The movk instruction has two non-extended variants as well...
movk wD, 0xXXXX, lsl #16
movk wD, 0xXXXX //Implies lsl #0
lsl #16 is to write the Immediate Value of 0xXXXX0000
lsl #0 is to write the Immediate Value of 0x0000XXXX
With both mov and movk, you can use the following template to fill in any custom 64-bit value to a GPR~
// xD = Register
// Value = 0xWWWWXXXXYYYYZZZZ
mov xD, 0xWWWW000000000000
movk xD, 0xXXXX, lsl #32
movk xD, 0xYYYY, lsl #16
movk xD, 0xZZZZ
Using the template, let's say we want to write the value of 0x123456789ABCDEF0 to x8. We can use the template and write it out like this...
mov x8, 0x1234000000000000
movk x8, 0x5678, lsl #32
movk x8, 0x9ABC, lsl #16
movk x8, 0xDEF0
The first instruction in the template has to be a regular mov as we want any previous data in the Register to be overwritten. The following 5 pics show us what occurs with the above 4 instructions. In the pics below, the Destination Register is outlined in magenta and the instruction (that is going to execute) is outlined in green except for the final pic.
1st pic (right before mov is executed)
2nd pic (once mov executed)
3rd pic (once 1st movk has executed)
4th pic (once 2nd movk has executed)
5th pic (once final movk has executed)
Writing out the first mov instruction with 12 appended zeros on the Immediate Value for Extended register usage may be annoying.
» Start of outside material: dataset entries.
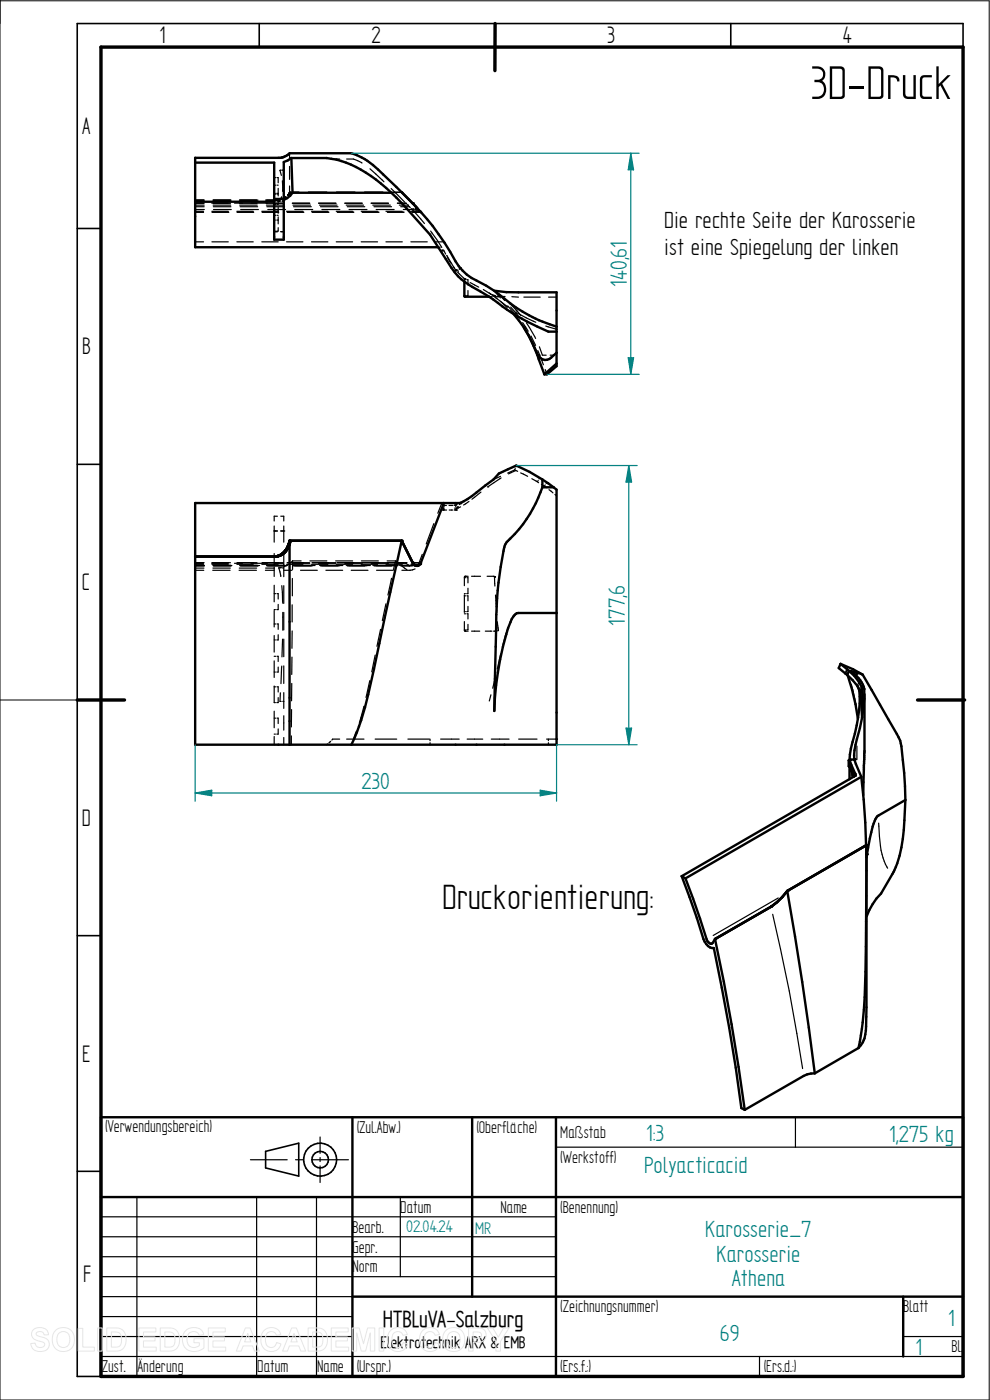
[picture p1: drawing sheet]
<svg xmlns="http://www.w3.org/2000/svg" width="210mm" height="297mm" viewBox="0 0 210 297" stroke-linecap="round" stroke-linejoin="round" font-family="sans-serif">
<path d="M0 0v297h209.8v-296.8h-209.8M0 148.5h16.4" fill="none" stroke="#000" stroke-width=".21"/>
<g fill="none" stroke="#000" stroke-width=".34">
<path d="M55 5v5M105 5v5M155 5v5M204.3 10v-5h-187.9v287h5M16.4 48.5h5M16.4 98.5h5M16.4 148.5h5M16.4 198.5h5M16.4 248.5h5M56.3 244.3l7.1-1.8v7l-7.1-1.7z"/>
<circle cx="67.9" cy="246" r="3.5"/>
<circle cx="67.9" cy="246" r="1.76"/>
</g>
<path d="M21.4 10h182.9v282h-182.9zM105 5v10M16.4 148.5h10M194.6 148.5h10" fill="none" stroke="#000" stroke-width=".72"/>
<g fill="none" stroke="#000" stroke-width=".51">
<path d="M61.8 33.5l.3 7.4M61.8 33.5l-1.6 .9v16.4h-2v-16.3h-16.8M61.8 33.5h7.5a23.1 23.1 0 0 1 12.6 6.4l1.1 1a114.9 114.9 0 0 1 8.2 8.9l1.8 2.7M41.4 42.8h16.8M58.2 42.2h2M62.1 40.9h20.9M62.1 40.9l-.5 .6-1.4 .9M85.3 40.9l2.2 2.2M87.6 43.1l.8 .9M93 52.5h-51.6v-19h18a3.7 3.7 0 0 0 2-1h13.1l1.1 .4a14 14 0 0 1 4.6 3.1l3.9 3.7a61.3 61.3 0 0 1 13.2 16.8 9.4 9.4 0 0 0 3.8 3l4.1 2.4a35.7 35.7 0 0 0 8.4 5.7l4.5 1.7M93 52.5a38.7 38.7 0 0 0 4.2 6.1l2.2 1.8 4.2 2.5a54.4 54.4 0 0 0 12.7 7.5h1.8M98.5 59.7l.1 3.2h5.2"/>
<path d="M104.9 61.7l2.5 .3h10.7v15.7l-2.1 1.7h-.5M108.9 66.5a30.7 30.7 0 0 1 5.4 9 1.67 1.67 0 0 0 2.6 .4l1.2-1.1M111.1 69.5a43.4 43.4 0 0 1 4.4 9.9M118.1 77.1l-2.6 2.3M41.4 118.1h17.1M59 117.9l-.5 .2M60 117.3l-1.1 .7-.6 .1M60 117.3l-.7 .5M60.2 117.1l-.2 .2M60.5 116.9l-.5 .4M60.7 116.5v.1M60.7 116.5l-.2 .4"/>
<path d="M60.9 116.3l-.1 .1M61.1 115.7v.1M61.3 115.3l-.5 1.1M61.3 115.2v.1M61.4 114.7l-.1 .6M61.4 114.7l-.5 1.5-.4 .7M61.4 114.7v43.3M61.4 114.7h23.8M85.2 114.7l2.6 5M85.2 114.7l-3.6 16.3a202.6 202.6 0 0 1-5 21.8l-.9 2.6-1.2 2.6M85.2 114.7l2.3 4.7M87.8 119.7l.6 .3"/>
<path d="M88.4 120h.1M88.6 119.9l-.1 .1M88.9 119.8l-.2 .1M89.2 119.4l-.1 .2M89.3 119.4l-.5 .5-.4 .1M94.1 106.7l-4.8 12.7M115.1 101.7l-2.7-1.6-2.9-1.3-3.7 1.7-1.1 1.2-4.6 3.5-2.5 1.5h-56.2v51.3h76.7v-54.1l-.7-.5M115.1 101.7v1.7M115.1 101.7l2.3 1.7M115.1 103.4a29.3 29.3 0 0 1-7.8 12l-.2 .3a75.9 75.9 0 0 0-1.9 18.1l-.3 17a60 60 0 0 1 3.6-19.4l.6-.9 .5-.4 8.5-.1M115.1 103.4h2.3M178.3 140.8l-.4 .9 1.8 1.5"/>
<path d="M178.3 140.8l2.7 1.2 2 1.1M178.3 140.8l1.8 1.5M179.7 143.2l2.2 2.3M179.8 143.3l1.7 6.1 .5 3.1M180.1 142.3l-.4 .9M180.1 142.3l1.1 1.1 1 1.3 .6 1.1M181.9 145.5l.6 1.3M181.9 145.5l.4 1M182.2 142.7l-1.7-.3a6.6 6.6 0 0 1 2.8 3.8M182.2 142.7l.8 .4M182.2 142.7l-.8 .5M182.3 146.5a34 34 0 0 1-1.8 12.3l-.3 2.4"/>
<path d="M182.3 146.5l.2 .3M182.5 146.8l.4 5.4M182.8 145.8l-.3 1M182.8 145.8l.3 4.6M182.8 145.8l.5 .4M182.9 152.2l-.5 2.3a19.5 19.5 0 0 0-1.2 6.6M183 143.1l5.4 9.5a13.9 13.9 0 0 1 3.1 8.6l.3 2.8 .3 5.7M183.1 150.4l-.2 1.8M183.3 146.2l-.2 4.2M183.4 147.3v12.3l-.3 9.1M180 161.3v1.3h.2M180 161.3l.2 .1"/>
<path d="M180.2 161.4v1.2M180.2 162.6v2.7M180.3 161.3v1.3M180.3 162.6h-.1M180.3 162.6l.8 2.1M180.3 161.3l1.1 2.7-.3 .2M180.3 161.3l-.1 .1M180.3 161.2l-.3 .1M181.1 164.2v.6M181.1 164.2l.1 .1M181.2 164.3v.4M181.2 164.1l-.9-2.3 .9 2.3"/>
<path d="M181.2 161.1l1.5 3.7M181.2 161.1l-.9 .1M181.4 164.1v.5M181.4 164.1l.2 .4-37 21.4M181.4 164.1l-.2 .2M182.7 164.8l.5 4.8 .5 9.7M182.7 164.8l-37.3 21.6M192.1 169.7l-5.7 3.3-.5 .5-.8 1.8-1.3 6.6M192.1 169.7a55 55 0 0 1-1.3 11.8l-1.1 3.2-2.8 4.9a13.5 13.5 0 0 0-3 4.8M144.6 185.9l3.2 8.8 1.4 4.5a2.38 2.38 0 0 0 2.2 1.9 426.3 426.3 0 0 1 5.9 34l.7 .4M144.6 185.9l.8 .5M145.4 186.4l1.6 4.2 3 9a.82 .82 0 0 0 1.2 .5l.5-.9"/>
<path d="M151.7 199.2a467.7 467.7 0 0 1 6.3 36.3M163.7 192.3l-.1 .1M163.8 192.2l-12.1 7M163.8 192.2l-.1 .1M163.8 192.2l-.2 .2M164.9 191.3l-1.2 1M166.9 189.2l-2.1 2.2-1.2 1M166.9 189.2l-1 1.2M167 189l-2.2 2.4-1.2 1M167 189a743.5 743.5 0 0 1 5.8 38.7M167 189l16.8-9.7v34.4a22.5 22.5 0 0 1-.4 6.6l-.4 .8-.9 1.2M167 189l-.1 .2"/>
<path d="M183.8 184.7a458.1 458.1 0 0 1-.5 29.5l-.5 4.1-.7 4M183.8 181.2v-1.9l-16.8 9.7M21.4 237h182.9v55h-182.9zM74.8 237v55M100.2 237v38.1M117.9 237v55M172.8 227.7l-1.6 .2-.7 .4-12.5 7.2M182.1 222.3l-9.3 5.4M21.4 254h182.9M74.8 275.1h129.5M191.6 275.1v12.7"/>
</g>
<g fill="none" stroke="#000" stroke-width=".25">
<path d="M58.2 37.7h.3M58.2 39.3h.3M58.8 37.7h.2v1.1M58.8 39.3h.2M59 40v1.6M59.4 36.2h.2M59.4 36.2l.3 1M59.6 36.1l-.2 .1M59.9 38.4v2.2M59.9 36.2h.3M60.2 36h-.2M61.4 32.5v1.4"/>
<path d="M61.4 35.3v2.8M61.4 39.5v1.3M70.6 33.7h1.5M73.5 33.7a4.8 4.8 0 0 1 3.3 .9M78.5 35.8l2.9 2.8M41.4 44.8h.1M41.4 43.4v.2M41.4 43.7v.3M41.4 44.2v.3M41.4 44.7v.1M41.4 45h1.8M41.4 42.5h1.9"/>
<path d="M41.4 43.5h1.9M41.4 43.9h1.9M41.4 44.4h1.9M41.4 44.8h1.8M41.4 51.3h1.8M43.3 43.1l-1.9 .1M44.9 43.1h4M45 44.8h3.4M45 51.3h3.4M45 45h3.5M45.2 42.5h3.8M45.2 43.5h3.7"/>
<path d="M45.3 43.9h3.7M45.3 44.4h3.8M49.7 43.1h10.4M50.2 44.8h3.5M50.2 51.3h3.5M50.3 45h3.5M50.8 42.5h3.9M50.8 43.5h3.8M50.9 43.9h3.8M51.1 44.4h3.7M55.5 44.8h3.5M55.5 51.3h3.5"/>
<path d="M56.4 42.5h2.1M56.5 43.5h3.7M56.6 43.9h3.8M56.8 44.4h3.8M58.2 44.5h.2M58.2 49.1h.6M58.2 42.7h.2M58.2 41h.2M58.2 41.2h.3M58.2 43.3h.3M58.2 46.7h.2M58.2 45.7h.3"/>
<path d="M58.2 49h.2M58.3 42.5h.1M58.4 42.5h.1M58.5 42.5h.1M58.6 42.5h.1M58.7 42.4h.1M58.7 44.5h.3M58.7 42.7h.3M58.7 41h.3M58.7 46.7h.3M58.8 42.4h.1M58.8 42.4h.2"/>
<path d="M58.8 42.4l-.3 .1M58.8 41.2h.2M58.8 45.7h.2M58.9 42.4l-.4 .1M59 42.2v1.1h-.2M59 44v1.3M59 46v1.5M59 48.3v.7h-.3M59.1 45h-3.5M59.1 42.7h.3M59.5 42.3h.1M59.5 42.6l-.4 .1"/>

You can use an alternate instruction instead. That is movz. You have 6 total options with the movz instruction (first 4 for Extended usage, last 2 for non-Extended)...
movz xD, 0xXXXX, lsl #48
movz xD, 0xXXXX, lsl #32
movz xD, 0xXXXX, lsl #16
movz xD, 0xXXXX //Implies lsl #0
movz wD, 0xXXXX, lsl #16
movz wD, 0xXXXX //Implies lsl #0
This instruction works the same as movk **ONLY** in regards to the lsl mechanism. Excluding that, the instruction will set the rest of the register (excluding the Immediate Value used ofc) to zero. Therefore, for writing full values to registers, you can replace the usage of the regular mov instruction with this...
movz xD, 0xXXXX, lsl #48
Thus, you can write out any 64-bit value in an extended register with this updated template that utilizes movz....
// xD = Register
// Value = 0xWWWWXXXXYYYYZZZZ
movz xD, 0xWWWW, lsl #48
movk xD, 0xXXXX, lsl #32
movk xD, 0xYYYY, lsl #16
movk xD, 0xZZZZ
Please note that the Assembler will likely convert the movz instruction to a mov instruction upon Assembling. Therefore, on something such as the GNU Debugger, you will see a regular mov instruction.